101 Burros = 101 JACKASSES!


Now that the name switch is official, even before September 11th arrives, I have a message for the people who may have stumbled onto here thru a Yahoo! or Google search. You see, The Squealing Pig Worldwide shares a name with at least two watering holes in Boston and Denver. We are NOT connected with these dives. After doing some research online about these two dumps, I can tell you what you CAN'T expect from this Squealing Pig...
  • Sure, dollar pitchers of Miller Lite are a bargain, but for these two bars a half pitcher of beer and another half of water is also a good deal ...for them!
  • We're not going to go to Safeway or the A & P to pick up a dozen Tombstone pizzas and then comb the alleys behind Italian restaurants looking for empty pizza boxes with a fancy name so we can jack up the price and make you think you're getting the real McCoy. Hell, there's no pizza here at all!
  • With this Squealing Pig you can use your own crapper when you gotta go.
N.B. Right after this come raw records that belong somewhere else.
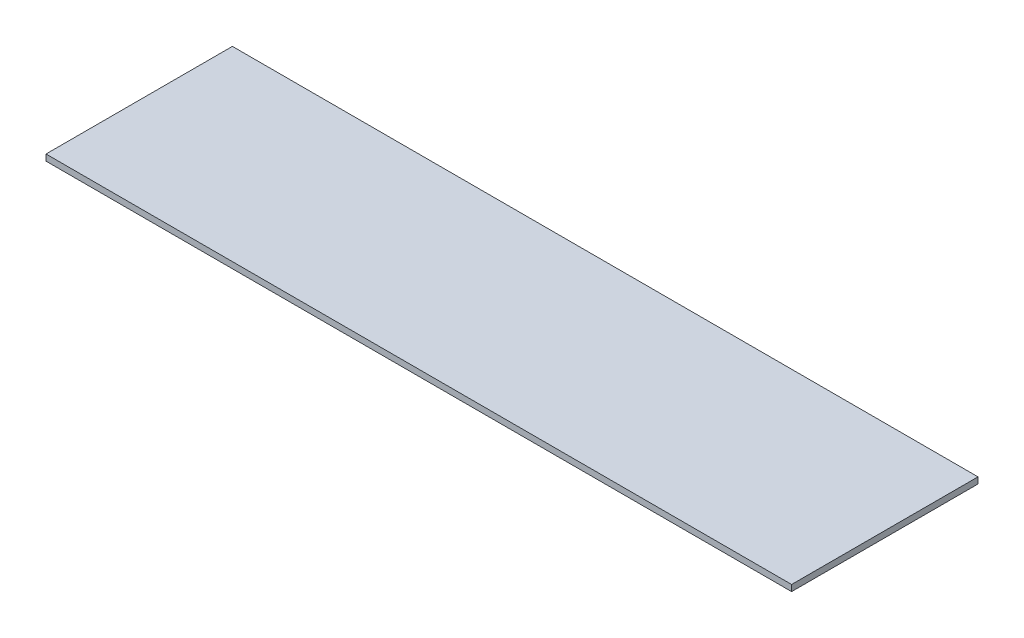
from build123d import *

# Parameters (mm, degrees)
SKETCH1_W           = 600
SKETCH1_H           = 150
BOSS_EXTRUDE1_DEPTH = 5


with BuildPart() as part:
    # Sketch1 → Boss-Extrude1 (new body)
    with BuildSketch(Plane(origin=(0, 0, 0), x_dir=(1, 0, 0), z_dir=(0, 1, 0))):
        Rectangle(SKETCH1_W, SKETCH1_H)
    extrude(amount=BOSS_EXTRUDE1_DEPTH)


solid = part.part

You don't have to worry about "hovering" over the toilet because you're worried about getting some kind of STD!
  • We're not going to "Buddies for life". In other words, as the case may be with the two bars, we won't be doing shots of Rumplminze while I grab your girlfriend's breasts HOWEVER, if she's really that HOT, e-mail me a photo so I can put it on file for a rainy day.

Well, there you have it folks. We're not a bar...we're a blog. If you do happen to stop in at one of these places, make sure you shake all the roaches out of your clothes before you enter the house!